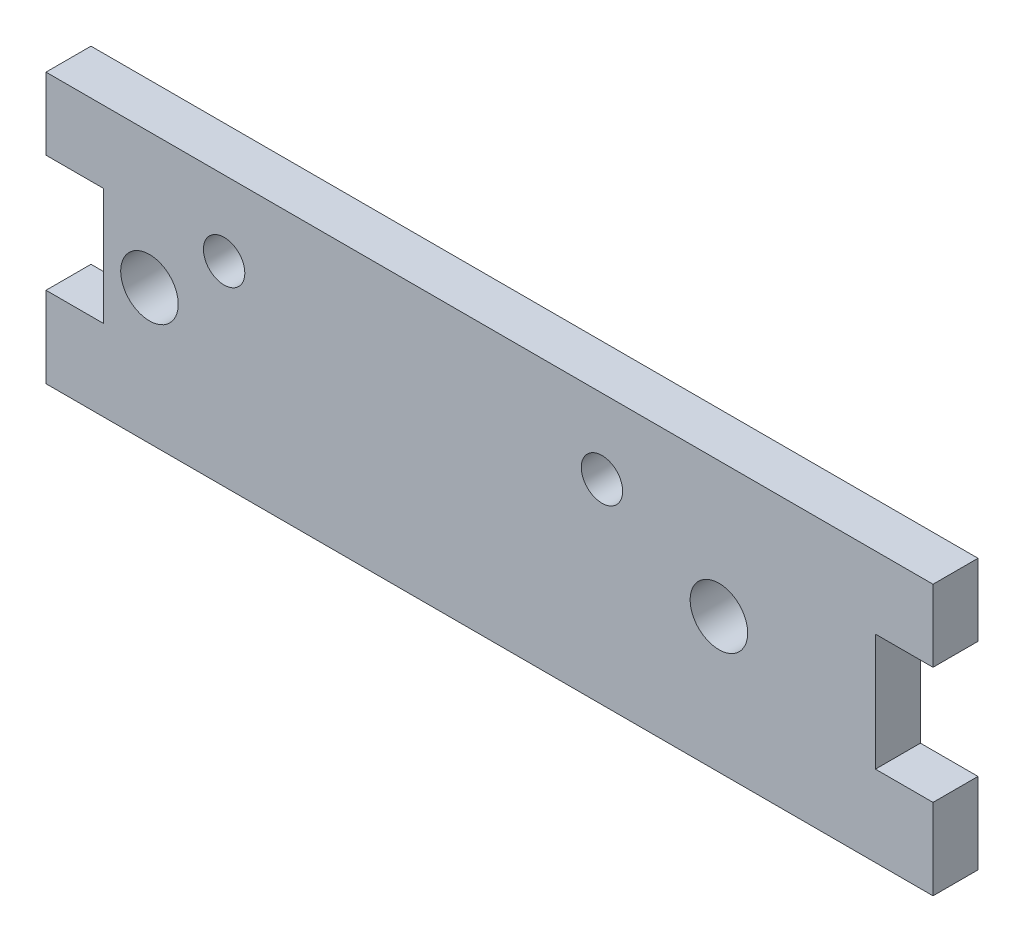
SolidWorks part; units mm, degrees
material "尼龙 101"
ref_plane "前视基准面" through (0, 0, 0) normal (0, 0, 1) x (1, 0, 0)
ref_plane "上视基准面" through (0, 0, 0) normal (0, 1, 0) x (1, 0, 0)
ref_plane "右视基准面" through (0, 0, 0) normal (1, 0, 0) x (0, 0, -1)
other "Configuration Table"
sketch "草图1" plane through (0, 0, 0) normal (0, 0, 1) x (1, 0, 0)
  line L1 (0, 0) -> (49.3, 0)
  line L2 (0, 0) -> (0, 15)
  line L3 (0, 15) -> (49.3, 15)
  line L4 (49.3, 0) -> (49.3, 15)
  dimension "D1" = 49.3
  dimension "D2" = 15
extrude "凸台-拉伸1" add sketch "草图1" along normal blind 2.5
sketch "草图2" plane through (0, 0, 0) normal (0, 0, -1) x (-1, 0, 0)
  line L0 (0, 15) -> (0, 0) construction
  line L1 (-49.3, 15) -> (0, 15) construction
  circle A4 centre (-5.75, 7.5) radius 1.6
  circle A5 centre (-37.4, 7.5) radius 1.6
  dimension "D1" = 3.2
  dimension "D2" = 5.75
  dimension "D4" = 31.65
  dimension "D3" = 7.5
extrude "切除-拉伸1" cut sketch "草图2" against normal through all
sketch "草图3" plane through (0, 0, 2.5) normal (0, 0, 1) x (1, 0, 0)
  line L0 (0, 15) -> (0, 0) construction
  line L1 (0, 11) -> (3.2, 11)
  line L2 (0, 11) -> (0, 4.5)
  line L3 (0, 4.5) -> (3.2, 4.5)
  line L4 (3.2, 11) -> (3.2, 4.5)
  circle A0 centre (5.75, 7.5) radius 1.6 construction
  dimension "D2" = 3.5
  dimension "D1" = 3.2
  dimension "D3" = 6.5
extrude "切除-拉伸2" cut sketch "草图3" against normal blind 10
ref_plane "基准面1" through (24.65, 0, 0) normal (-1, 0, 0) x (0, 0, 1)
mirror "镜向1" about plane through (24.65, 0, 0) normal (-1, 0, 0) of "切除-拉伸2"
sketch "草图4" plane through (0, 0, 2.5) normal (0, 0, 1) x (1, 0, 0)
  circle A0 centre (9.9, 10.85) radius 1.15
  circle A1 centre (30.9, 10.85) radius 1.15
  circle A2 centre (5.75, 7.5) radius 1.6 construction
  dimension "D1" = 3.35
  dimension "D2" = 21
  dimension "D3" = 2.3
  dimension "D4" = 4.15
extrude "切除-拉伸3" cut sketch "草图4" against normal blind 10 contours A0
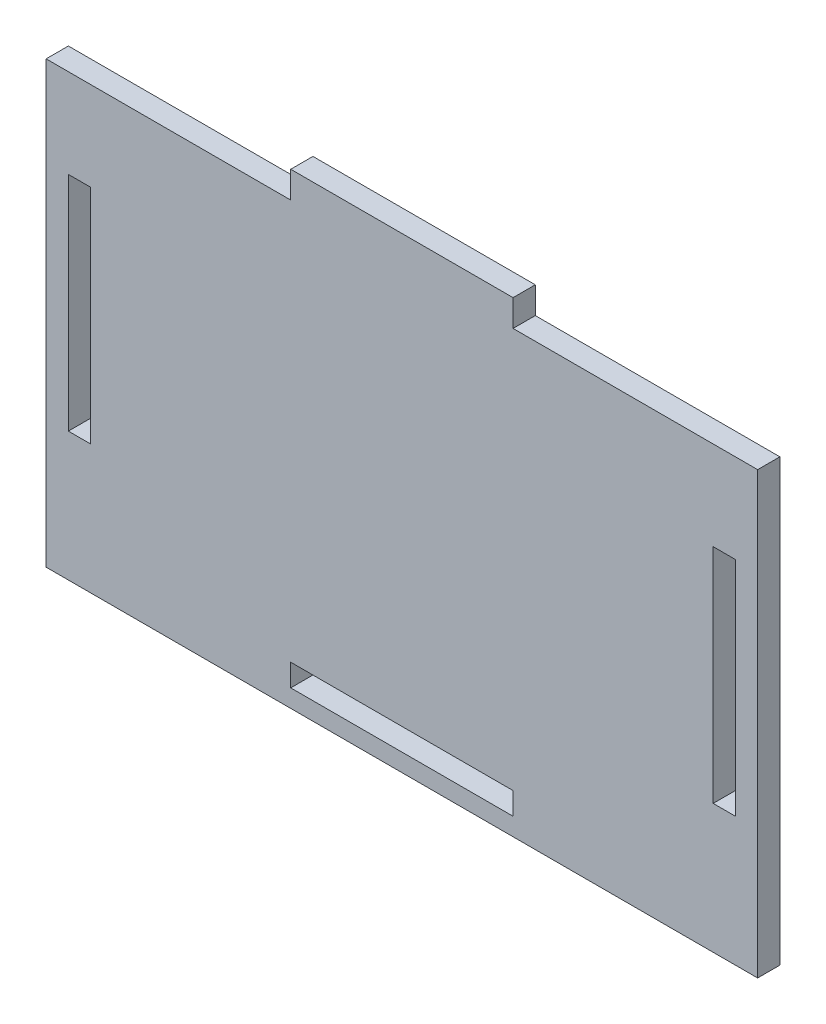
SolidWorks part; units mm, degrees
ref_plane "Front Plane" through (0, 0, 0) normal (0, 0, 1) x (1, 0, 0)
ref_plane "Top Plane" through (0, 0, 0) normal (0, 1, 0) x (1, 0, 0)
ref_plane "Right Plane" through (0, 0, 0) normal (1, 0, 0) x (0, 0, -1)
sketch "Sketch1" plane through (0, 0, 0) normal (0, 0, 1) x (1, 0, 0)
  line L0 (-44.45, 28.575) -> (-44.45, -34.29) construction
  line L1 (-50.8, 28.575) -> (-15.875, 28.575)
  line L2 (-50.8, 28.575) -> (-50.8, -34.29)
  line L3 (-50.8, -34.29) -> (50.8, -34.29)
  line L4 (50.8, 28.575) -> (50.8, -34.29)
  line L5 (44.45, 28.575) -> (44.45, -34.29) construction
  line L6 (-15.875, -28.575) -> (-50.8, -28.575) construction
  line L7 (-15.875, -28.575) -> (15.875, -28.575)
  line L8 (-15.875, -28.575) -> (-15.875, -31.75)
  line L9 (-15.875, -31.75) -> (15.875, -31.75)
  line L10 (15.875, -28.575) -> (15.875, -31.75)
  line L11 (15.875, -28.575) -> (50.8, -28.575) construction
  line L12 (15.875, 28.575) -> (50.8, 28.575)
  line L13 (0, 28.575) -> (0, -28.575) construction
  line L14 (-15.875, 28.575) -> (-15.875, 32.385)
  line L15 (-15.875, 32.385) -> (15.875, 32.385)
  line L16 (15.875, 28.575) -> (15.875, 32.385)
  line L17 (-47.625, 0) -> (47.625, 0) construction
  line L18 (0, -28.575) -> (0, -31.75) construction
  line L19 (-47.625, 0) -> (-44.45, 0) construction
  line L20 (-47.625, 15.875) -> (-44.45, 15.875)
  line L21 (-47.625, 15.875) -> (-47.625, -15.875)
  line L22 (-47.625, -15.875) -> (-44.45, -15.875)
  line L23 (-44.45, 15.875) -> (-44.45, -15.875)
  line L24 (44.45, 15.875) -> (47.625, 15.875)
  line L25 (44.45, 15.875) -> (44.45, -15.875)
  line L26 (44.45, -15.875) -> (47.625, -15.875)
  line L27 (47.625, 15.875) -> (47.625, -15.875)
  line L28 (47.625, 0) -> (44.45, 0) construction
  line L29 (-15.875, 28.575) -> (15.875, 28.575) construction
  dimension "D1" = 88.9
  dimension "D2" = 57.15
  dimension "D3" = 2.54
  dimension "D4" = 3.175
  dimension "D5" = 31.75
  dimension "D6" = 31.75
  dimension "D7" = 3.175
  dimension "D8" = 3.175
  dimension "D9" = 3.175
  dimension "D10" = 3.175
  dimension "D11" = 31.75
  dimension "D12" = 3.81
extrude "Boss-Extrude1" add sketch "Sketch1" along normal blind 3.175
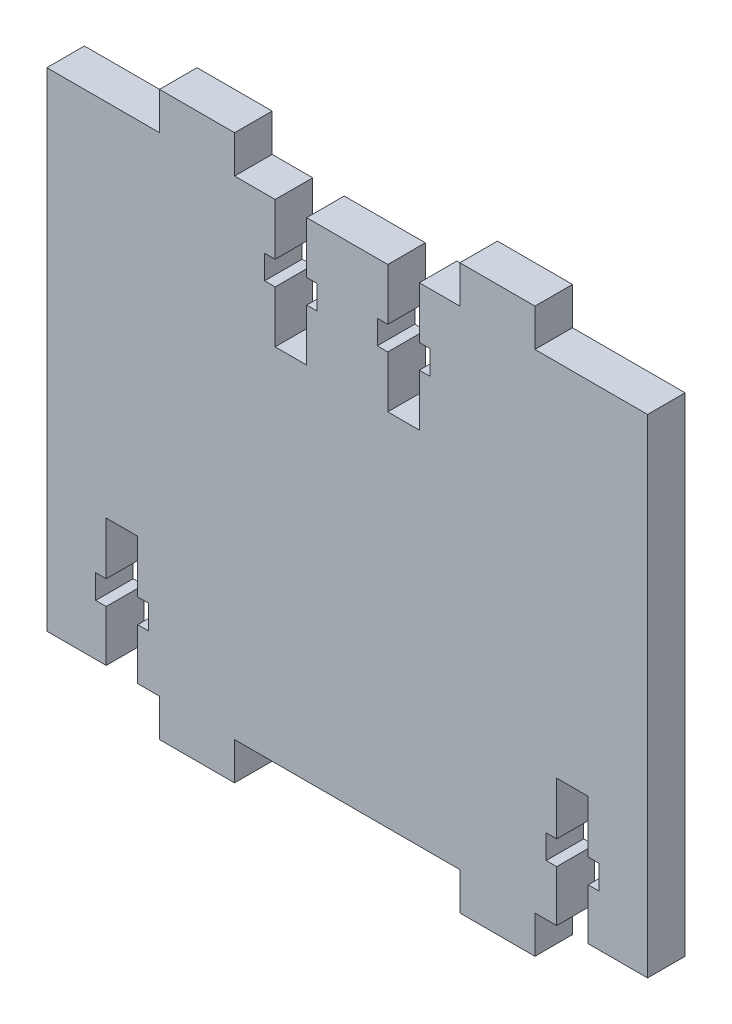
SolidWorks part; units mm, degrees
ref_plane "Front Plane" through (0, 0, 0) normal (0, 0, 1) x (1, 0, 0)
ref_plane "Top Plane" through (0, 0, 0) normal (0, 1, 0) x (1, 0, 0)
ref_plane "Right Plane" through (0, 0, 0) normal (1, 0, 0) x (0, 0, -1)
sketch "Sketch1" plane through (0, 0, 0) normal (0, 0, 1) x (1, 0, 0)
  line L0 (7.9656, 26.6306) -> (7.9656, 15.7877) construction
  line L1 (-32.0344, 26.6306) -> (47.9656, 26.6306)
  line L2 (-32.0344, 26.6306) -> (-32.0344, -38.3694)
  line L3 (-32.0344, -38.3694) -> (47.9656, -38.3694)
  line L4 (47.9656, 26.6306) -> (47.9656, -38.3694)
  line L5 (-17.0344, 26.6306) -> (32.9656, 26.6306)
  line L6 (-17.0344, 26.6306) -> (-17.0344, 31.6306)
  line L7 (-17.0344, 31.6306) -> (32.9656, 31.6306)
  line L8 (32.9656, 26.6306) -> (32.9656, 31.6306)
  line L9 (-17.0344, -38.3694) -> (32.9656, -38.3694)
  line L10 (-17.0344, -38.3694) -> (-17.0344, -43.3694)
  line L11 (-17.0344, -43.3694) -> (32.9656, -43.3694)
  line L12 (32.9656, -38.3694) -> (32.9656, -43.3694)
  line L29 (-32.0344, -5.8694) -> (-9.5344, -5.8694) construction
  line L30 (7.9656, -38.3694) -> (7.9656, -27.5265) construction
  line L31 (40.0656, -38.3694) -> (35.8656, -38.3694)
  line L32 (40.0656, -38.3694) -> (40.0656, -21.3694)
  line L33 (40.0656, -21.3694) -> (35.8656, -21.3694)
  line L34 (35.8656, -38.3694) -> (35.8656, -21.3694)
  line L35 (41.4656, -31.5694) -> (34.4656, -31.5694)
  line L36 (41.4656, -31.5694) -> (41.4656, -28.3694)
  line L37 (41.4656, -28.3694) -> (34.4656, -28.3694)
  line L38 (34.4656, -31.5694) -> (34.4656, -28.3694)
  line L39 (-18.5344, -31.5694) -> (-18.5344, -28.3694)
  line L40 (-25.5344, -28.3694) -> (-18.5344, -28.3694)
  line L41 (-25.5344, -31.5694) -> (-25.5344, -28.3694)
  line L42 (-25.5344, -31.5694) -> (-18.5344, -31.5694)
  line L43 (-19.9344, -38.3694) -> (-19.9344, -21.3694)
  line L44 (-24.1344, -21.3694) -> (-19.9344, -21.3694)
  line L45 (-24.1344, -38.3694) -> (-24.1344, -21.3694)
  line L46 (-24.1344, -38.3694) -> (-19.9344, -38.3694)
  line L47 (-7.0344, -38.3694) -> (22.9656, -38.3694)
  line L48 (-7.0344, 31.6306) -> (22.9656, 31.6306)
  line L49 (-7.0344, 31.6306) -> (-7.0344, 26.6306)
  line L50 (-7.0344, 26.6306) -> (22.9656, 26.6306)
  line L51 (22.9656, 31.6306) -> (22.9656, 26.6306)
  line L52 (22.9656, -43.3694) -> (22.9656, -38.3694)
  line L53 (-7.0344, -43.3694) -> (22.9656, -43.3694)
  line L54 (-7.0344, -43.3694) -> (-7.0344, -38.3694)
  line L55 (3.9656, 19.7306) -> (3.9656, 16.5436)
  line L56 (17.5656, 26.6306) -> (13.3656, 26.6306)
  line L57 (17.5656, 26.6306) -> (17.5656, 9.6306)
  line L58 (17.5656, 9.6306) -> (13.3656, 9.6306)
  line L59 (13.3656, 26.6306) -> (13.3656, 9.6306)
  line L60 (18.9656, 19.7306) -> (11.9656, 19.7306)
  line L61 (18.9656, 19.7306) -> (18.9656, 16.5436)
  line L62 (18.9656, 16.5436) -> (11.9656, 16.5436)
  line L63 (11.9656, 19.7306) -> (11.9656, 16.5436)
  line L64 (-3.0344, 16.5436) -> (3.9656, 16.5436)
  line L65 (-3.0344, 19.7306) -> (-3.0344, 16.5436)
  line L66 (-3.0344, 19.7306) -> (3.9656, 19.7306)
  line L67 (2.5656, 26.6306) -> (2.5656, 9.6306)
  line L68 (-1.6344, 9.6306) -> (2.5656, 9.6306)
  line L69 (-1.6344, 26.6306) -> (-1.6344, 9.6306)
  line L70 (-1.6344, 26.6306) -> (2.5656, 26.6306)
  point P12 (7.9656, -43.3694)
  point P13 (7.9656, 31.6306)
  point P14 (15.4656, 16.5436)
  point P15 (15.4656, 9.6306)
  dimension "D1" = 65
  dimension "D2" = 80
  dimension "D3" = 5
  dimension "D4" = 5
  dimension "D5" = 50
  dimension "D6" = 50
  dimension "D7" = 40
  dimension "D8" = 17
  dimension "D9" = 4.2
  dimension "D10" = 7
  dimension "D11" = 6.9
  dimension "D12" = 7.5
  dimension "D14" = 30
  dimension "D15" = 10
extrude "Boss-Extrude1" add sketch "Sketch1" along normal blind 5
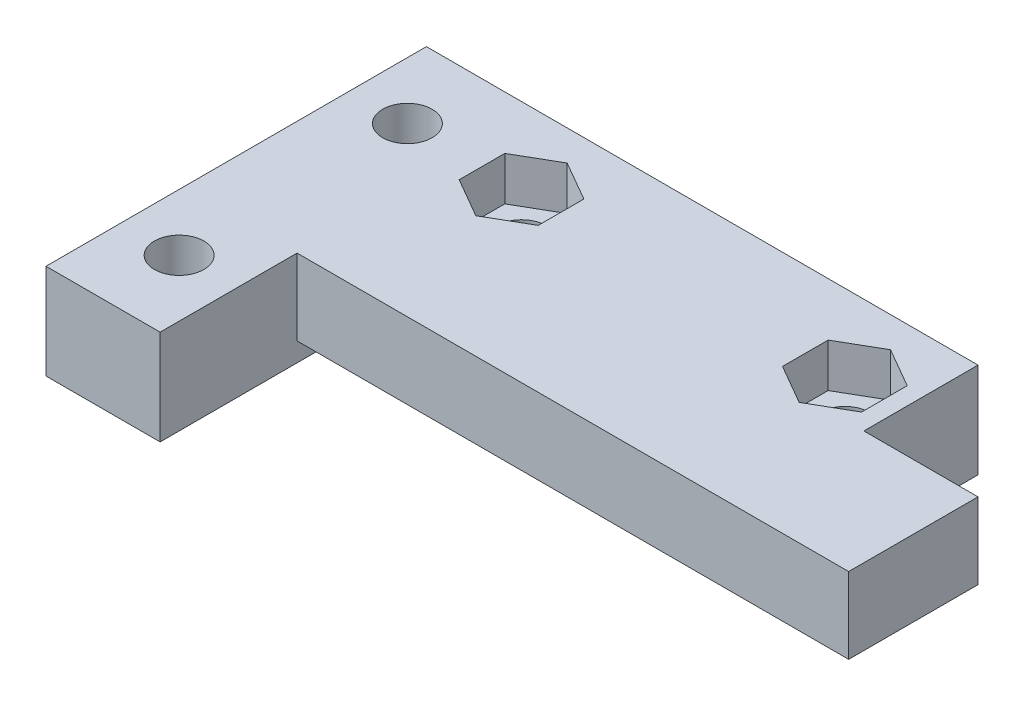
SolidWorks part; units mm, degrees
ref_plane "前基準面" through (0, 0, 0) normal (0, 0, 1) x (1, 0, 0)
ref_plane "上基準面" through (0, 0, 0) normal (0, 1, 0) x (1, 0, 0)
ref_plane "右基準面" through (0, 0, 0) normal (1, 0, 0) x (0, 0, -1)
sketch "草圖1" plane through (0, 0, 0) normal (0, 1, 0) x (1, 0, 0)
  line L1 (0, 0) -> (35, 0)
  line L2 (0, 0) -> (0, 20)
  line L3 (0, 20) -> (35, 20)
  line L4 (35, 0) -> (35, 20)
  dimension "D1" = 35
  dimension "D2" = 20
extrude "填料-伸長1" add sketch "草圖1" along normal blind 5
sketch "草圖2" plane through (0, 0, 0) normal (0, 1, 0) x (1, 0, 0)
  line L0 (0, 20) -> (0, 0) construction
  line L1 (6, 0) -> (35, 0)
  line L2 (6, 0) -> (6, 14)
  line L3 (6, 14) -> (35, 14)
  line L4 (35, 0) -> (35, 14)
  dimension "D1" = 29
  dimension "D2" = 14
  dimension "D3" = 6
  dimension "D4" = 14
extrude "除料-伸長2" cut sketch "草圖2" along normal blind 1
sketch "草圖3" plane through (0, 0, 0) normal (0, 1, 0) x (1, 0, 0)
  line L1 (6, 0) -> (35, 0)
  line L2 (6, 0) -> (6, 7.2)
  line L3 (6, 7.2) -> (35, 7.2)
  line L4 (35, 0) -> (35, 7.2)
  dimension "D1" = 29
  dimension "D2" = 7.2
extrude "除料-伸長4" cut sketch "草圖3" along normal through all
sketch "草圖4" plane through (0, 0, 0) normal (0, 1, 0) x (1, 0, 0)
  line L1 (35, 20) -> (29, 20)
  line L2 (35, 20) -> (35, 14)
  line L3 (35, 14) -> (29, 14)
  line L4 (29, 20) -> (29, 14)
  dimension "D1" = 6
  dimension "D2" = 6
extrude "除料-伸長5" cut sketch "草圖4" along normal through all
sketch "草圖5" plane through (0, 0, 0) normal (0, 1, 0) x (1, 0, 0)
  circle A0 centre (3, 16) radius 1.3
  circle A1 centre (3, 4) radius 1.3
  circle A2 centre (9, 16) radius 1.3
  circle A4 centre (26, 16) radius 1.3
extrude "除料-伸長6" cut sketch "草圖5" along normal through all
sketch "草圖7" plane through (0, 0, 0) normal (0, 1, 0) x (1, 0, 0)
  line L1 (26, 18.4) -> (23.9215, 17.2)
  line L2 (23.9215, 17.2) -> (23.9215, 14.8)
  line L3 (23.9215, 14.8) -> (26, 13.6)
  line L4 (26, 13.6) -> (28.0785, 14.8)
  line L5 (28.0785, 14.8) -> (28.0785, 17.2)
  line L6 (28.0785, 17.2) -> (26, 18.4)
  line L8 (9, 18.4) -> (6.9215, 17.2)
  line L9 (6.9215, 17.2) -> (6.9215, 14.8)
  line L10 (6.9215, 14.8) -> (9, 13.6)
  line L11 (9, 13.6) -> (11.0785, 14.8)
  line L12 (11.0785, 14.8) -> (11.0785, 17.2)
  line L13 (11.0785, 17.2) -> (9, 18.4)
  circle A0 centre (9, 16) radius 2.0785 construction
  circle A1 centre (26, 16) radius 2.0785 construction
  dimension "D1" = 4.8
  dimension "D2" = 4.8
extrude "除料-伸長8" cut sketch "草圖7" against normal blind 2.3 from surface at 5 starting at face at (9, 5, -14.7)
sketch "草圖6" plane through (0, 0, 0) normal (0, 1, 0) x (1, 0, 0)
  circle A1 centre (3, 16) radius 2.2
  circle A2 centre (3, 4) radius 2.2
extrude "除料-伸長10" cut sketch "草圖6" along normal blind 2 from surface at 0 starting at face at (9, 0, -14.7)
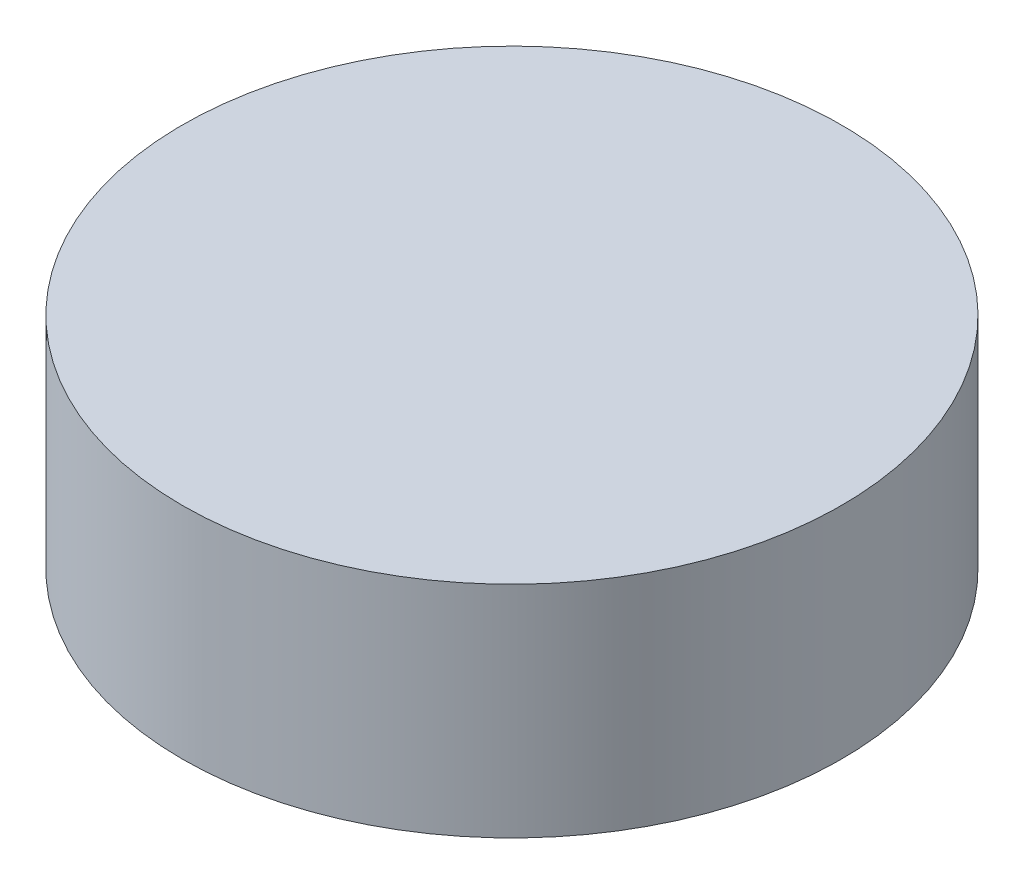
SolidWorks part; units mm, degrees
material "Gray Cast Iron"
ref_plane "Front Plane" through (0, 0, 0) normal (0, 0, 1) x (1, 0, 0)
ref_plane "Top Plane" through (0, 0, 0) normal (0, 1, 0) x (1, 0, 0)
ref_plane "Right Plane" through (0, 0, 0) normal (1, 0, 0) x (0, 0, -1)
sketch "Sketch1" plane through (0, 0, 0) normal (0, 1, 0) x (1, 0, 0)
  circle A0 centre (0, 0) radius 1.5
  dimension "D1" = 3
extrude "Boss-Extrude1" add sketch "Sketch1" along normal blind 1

──────────────────────────────

### Directions
From the records above, copy out the line with "line L7 (-15.875, -28.575)", the line with "line L19 (-47.625, 0)", and every line between them, word for word.

### Response to this task
  line L7 (-15.875, -28.575) -> (15.875, -28.575)
  line L8 (-15.875, -28.575) -> (-15.875, -31.75)
  line L9 (-15.875, -31.75) -> (15.875, -31.75)
  line L10 (15.875, -28.575) -> (15.875, -31.75)
  line L11 (15.875, -28.575) -> (50.8, -28.575) construction
  line L12 (15.875, 28.575) -> (50.8, 28.575)
  line L13 (0, 28.575) -> (0, -28.575) construction
  line L14 (-15.875, 28.575) -> (-15.875, 32.385)
  line L15 (-15.875, 32.385) -> (15.875, 32.385)
  line L16 (15.875, 28.575) -> (15.875, 32.385)
  line L17 (-47.625, 0) -> (47.625, 0) construction
  line L18 (0, -28.575) -> (0, -31.75) construction
  line L19 (-47.625, 0) -> (-44.45, 0) construction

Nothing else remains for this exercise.